MATERIALS AND METHODS: This is a single-center retrospective cohort study conducted from March 2020 to December 2020 at intensive care unit department of Mohamed VI University Hospital Oujda, Morocco including 600 patients with COVID-19.
RESULTS: We included 600 patients, the mortality rate was 32.50%, the predictors of mortality identified in our study were: associated heart disease (RR: 1.826; CI: [1.081-3.084]; p:0.024), high D-dimer level at admission (RR:1.027; CI: [1.011-1.047]; p:0.001), need for mechanical ventilation (RR: 4.158; CI: [2.648-6.530]; p: <0.0001).
CONCLUSION: Based on these results, we were able to identify 3 predictors of COVID 19 mortality (associated heart failure, high D-dimer level on admission, and need for mechanical ventilation). These predictors could help clinicians to identify early patients with high risk of lethality in order to reduce mortality related to corona virus.
© 2021 The Authors.

Entities:  

Keywords:  Covid-19; Infection; Mortality; Predective

Year:  2021        PMID: 34394926      PMCID: PMC8352657          DOI: 10.1016/j.amsu.2021.102711

Source DB:  PubMed          Journal:  Ann Med Surg (Lond)        ISSN: 2049-0801


Introduction

Since its identification in China in January 2020, the new coronavirus (SARS -COV 2) has spread rapidly throughout the world with more than 900,000 deaths which has led the World Health Organization to declare this disease as a pandemic since March 2020 [1] [2],. Although the majority of COVID-19 cases are benign, predictive factors for the occurrence of critical or fatal forms have been well documented in the literature.

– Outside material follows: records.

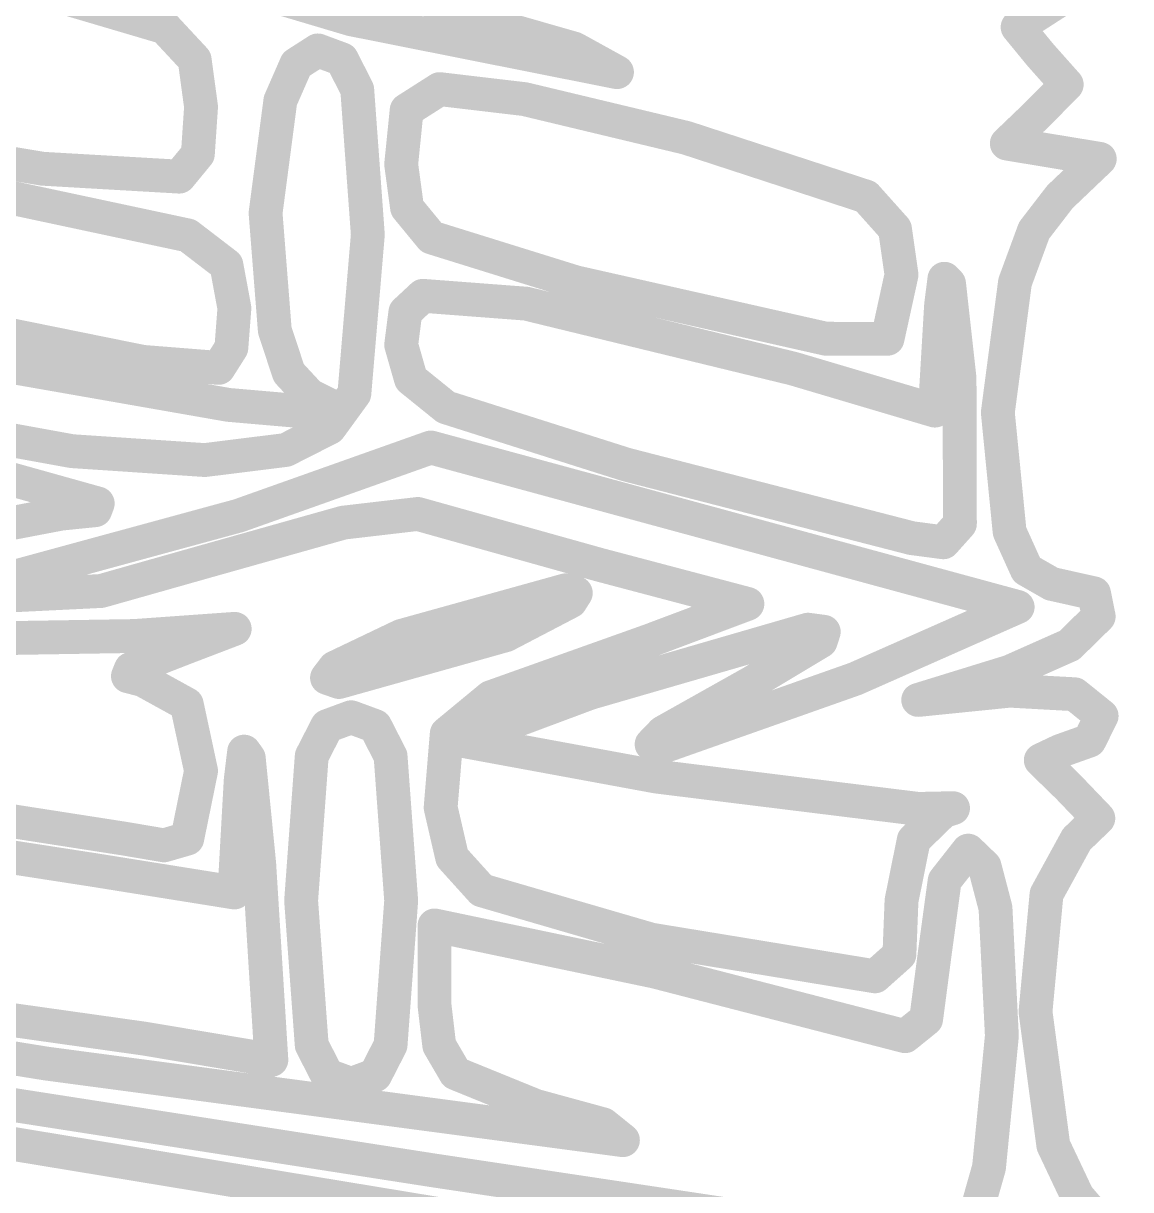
# Model space of a CAD drawing. Header units: inches. Extents: x 1.37 to 4.6, y 1.74 to 5.29.
# Drawn here: x 3.2602 to 3.3246, y 2.9099 to 2.9778 of the extents above; entities that cross this region are included whole.
import ezdxf

# ---------------------------------------------------------------- set-up
doc = ezdxf.new("R2010")
doc.units = ezdxf.units.IN
doc.header["$MEASUREMENT"] = 0
doc.layers.add('BottomOverlay', color=54, linetype='Continuous')

msp = doc.modelspace()

# ---------------------------------------------------------------- linework, layer by layer
at = {"layer": 'BottomOverlay', "const_width": 0.001969}
for points in [[(3.257033, 2.980886), (3.268394, 2.977529)], [(3.270389, 2.980638), (3.279243, 2.978003)], [(3.283636, 2.978758), (3.292231, 2.97629)], [(3.318011, 2.977543), (3.320311, 2.979025)], [(3.279243, 2.978003), (3.294707, 2.974924)], [(3.268394, 2.977529), (3.270139, 2.975653)], [(3.318011, 2.977543), (3.319341, 2.975921)], [(3.276055, 2.97539), (3.277303, 2.976191)], [(3.277303, 2.976191), (3.2787, 2.975674)], [(3.292231, 2.97629), (3.294707, 2.974924)], [(3.270139, 2.975653), (3.270512, 2.972904)], [(3.275126, 2.973267), (3.276055, 2.97539)], [(3.2787, 2.975674), (3.279596, 2.973918)], [(3.319341, 2.975921), (3.320868, 2.974203)], [(3.279596, 2.973918), (3.280213, 2.96547)], [(3.282473, 2.972717), (3.284388, 2.973938)], [(3.284388, 2.973938), (3.28933, 2.973355)], [(3.319019, 2.972339), (3.320868, 2.974203)], [(3.274265, 2.966723), (3.275126, 2.973267)], [(3.28933, 2.973355), (3.298731, 2.971103)], [(3.270326, 2.970157), (3.270512, 2.972904)], [(3.282153, 2.969561), (3.282473, 2.972717)], [(3.317383, 2.970771), (3.319019, 2.972339)], [(3.249571, 2.971263), (3.261295, 2.969304)], [(3.298731, 2.971103), (3.309197, 2.967682)], [(3.317383, 2.970771), (3.319989, 2.970339)], [(3.269247, 2.968844), (3.270326, 2.970157)], [(3.319989, 2.970339), (3.32279, 2.969878)], [(3.320474, 2.967669), (3.32279, 2.969878)], [(3.261295, 2.969304), (3.269247, 2.968844)], [(3.282153, 2.969561), (3.282496, 2.967031)], [(3.254906, 2.96859), (3.269747, 2.965423)], [(3.309197, 2.967682), (3.310876, 2.965804)], [(3.318969, 2.965713), (3.320474, 2.967669)], [(3.274265, 2.966723), (3.274802, 2.959898)], [(3.282496, 2.967031), (3.283914, 2.965307)], [(3.310876, 2.965804), (3.311258, 2.963132)], [(3.269747, 2.965423), (3.271986, 2.963705)], [(3.27943, 2.956213), (3.280213, 2.96547)], [(3.283914, 2.965307), (3.292307, 2.962694)], [(3.317859, 2.962698), (3.318969, 2.965713)], [(3.271986, 2.963705), (3.272452, 2.961188)], [(3.310442, 2.959408), (3.311258, 2.963132)], [(3.292307, 2.962694), (3.306859, 2.959411)], [(3.313557, 2.961344), (3.313753, 2.962902)], [(3.313753, 2.962902), (3.314022, 2.962622)], [(3.314022, 2.962622), (3.314634, 2.957108)], [(3.31686, 2.955117), (3.317859, 2.962698)], [(3.282398, 2.960964), (3.283411, 2.961909)], [(3.283411, 2.961909), (3.289429, 2.961452)], [(3.238478, 2.961454), (3.272104, 2.955562)], [(3.250139, 2.961507), (3.267116, 2.958066)], [(3.272275, 2.958882), (3.272452, 2.961188)], [(3.289429, 2.961452), (3.304952, 2.957674)], [(3.313198, 2.955228), (3.313557, 2.961344)], [(3.282153, 2.959052), (3.282398, 2.960964)], [(3.274802, 2.959898), (3.27562, 2.957424)], [(3.282153, 2.959052), (3.282722, 2.957065)], [(3.306859, 2.959411), (3.310442, 2.959408)], [(3.271535, 2.957715), (3.272275, 2.958882)], [(3.267116, 2.958066), (3.271535, 2.957715)], [(3.304952, 2.957674), (3.313198, 2.955228)], [(3.240183, 2.957019), (3.262995, 2.95287)], [(3.27562, 2.957424), (3.276818, 2.956132)], [(3.282722, 2.957065), (3.28476, 2.955419)], [(3.314634, 2.957108), (3.314655, 2.94864)], [(3.276818, 2.956132), (3.27827, 2.955395)], [(3.27799, 2.954232), (3.27943, 2.956213)], [(3.272104, 2.955562), (3.277984, 2.955052)], [(3.277984, 2.955052), (3.27827, 2.955395)], [(3.28476, 2.955419), (3.29525, 2.952088)], [(3.31686, 2.955117), (3.317546, 2.948181)], [(3.275442, 2.952938), (3.27799, 2.954232)], [(3.262995, 2.95287), (3.270735, 2.952351)], [(3.270735, 2.952351), (3.275442, 2.952938)], [(3.2727, 2.949114), (3.283876, 2.953084)], [(3.283876, 2.953084), (3.300945, 2.948443)], [(3.29525, 2.952088), (3.311849, 2.947808)], [(3.259053, 2.951349), (3.264503, 2.949825)], [(3.264357, 2.949433), (3.264503, 2.949825)], [(3.258141, 2.945146), (3.2727, 2.949114)], [(3.258537, 2.9485), (3.26238, 2.949234)], [(3.26238, 2.949234), (3.264357, 2.949433)], [(3.278789, 2.948709), (3.283124, 2.949215)], [(3.283124, 2.949215), (3.293679, 2.94626)], [(3.271092, 2.946541), (3.278789, 2.948709)], [(3.300945, 2.948443), (3.318014, 2.943802)], [(3.313694, 2.947565), (3.314655, 2.94864)], [(3.317546, 2.948181), (3.318544, 2.945973)], [(3.311849, 2.947808), (3.313694, 2.947565)], [(3.264698, 2.944731), (3.271092, 2.946541)], [(3.293679, 2.94626), (3.302294, 2.943982)], [(3.318544, 2.945973), (3.319989, 2.945146)], [(3.257716, 2.944388), (3.264698, 2.944731)], [(3.282153, 2.942114), (3.291711, 2.944771)], [(3.291711, 2.944771), (3.292313, 2.944614)], [(3.319989, 2.945146), (3.322457, 2.944595)], [(3.288236, 2.94216), (3.292002, 2.944127)], [(3.292002, 2.944127), (3.292313, 2.944614)], [(3.322457, 2.944595), (3.322728, 2.94325)], [(3.296589, 2.941836), (3.302294, 2.943982)], [(3.308568, 2.939622), (3.318014, 2.943802)], [(3.321023, 2.941577), (3.322728, 2.94325)], [(3.257758, 2.941967), (3.266631, 2.942112)], [(3.266631, 2.942112), (3.27247, 2.942529)], [(3.269542, 2.941409), (3.27247, 2.942529)], [(3.278289, 2.940267), (3.282153, 2.942114)], [(3.278535, 2.939434), (3.288236, 2.94216)], [(3.293135, 2.9388), (3.305816, 2.94248)], [(3.305816, 2.94248), (3.306735, 2.942357)], [(3.306558, 2.941805), (3.306735, 2.942357)], [(3.266428, 2.940194), (3.269542, 2.941409)], [(3.287359, 2.938547), (3.296589, 2.941836)], [(3.302526, 2.939387), (3.306558, 2.941805)], [(3.317563, 2.940039), (3.321023, 2.941577)], [(3.266258, 2.939772), (3.266428, 2.940194)], [(3.277839, 2.939679), (3.278289, 2.940267)], [(3.312228, 2.938392), (3.317563, 2.940039)], [(3.266258, 2.939772), (3.267116, 2.939554)], [(3.267116, 2.939554), (3.269679, 2.938141)], [(3.277839, 2.939679), (3.278535, 2.939434)], [(3.297187, 2.935601), (3.308568, 2.939622)], [(3.297392, 2.936504), (3.302526, 2.939387)], [(3.285683, 2.936019), (3.293135, 2.9388)], [(3.312228, 2.938392), (3.317563, 2.938931)], [(3.317563, 2.938931), (3.321332, 2.938722)], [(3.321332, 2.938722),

Age between 60 and 69 years, presence of comorbidity, male gender, increased oxygen requirement on admission and biological markers (C-reactive protein level, procalcitonin, interleukin 6 level, CD4 level, cardiac troponin, hypoalbminemia) and smoking have been identified as predictive factors for the occurrence of severe forms of COVID-19 [3,4]. This study was conducted to identify the predictive factors of mortality in patients with COVID-19 managed at the intensive care department of Mohammed VI University Hospital of Oujda -Morocco.

Objectives

The objective of this 10-month retrospective study was: To determine the predictive factors for the occurrence of severe forms and mortality related to COVID -19 in the intensive care unit of CHU MED VI- OUJDA.

Materials and Methods

A-type of study

We conducted a retrospective cohort study, mono-centric, in the intensive care unit of CHU MED VI- OUJDA, spread over ten months (from March to December 2020). Patients were informed of their inclusion in this study.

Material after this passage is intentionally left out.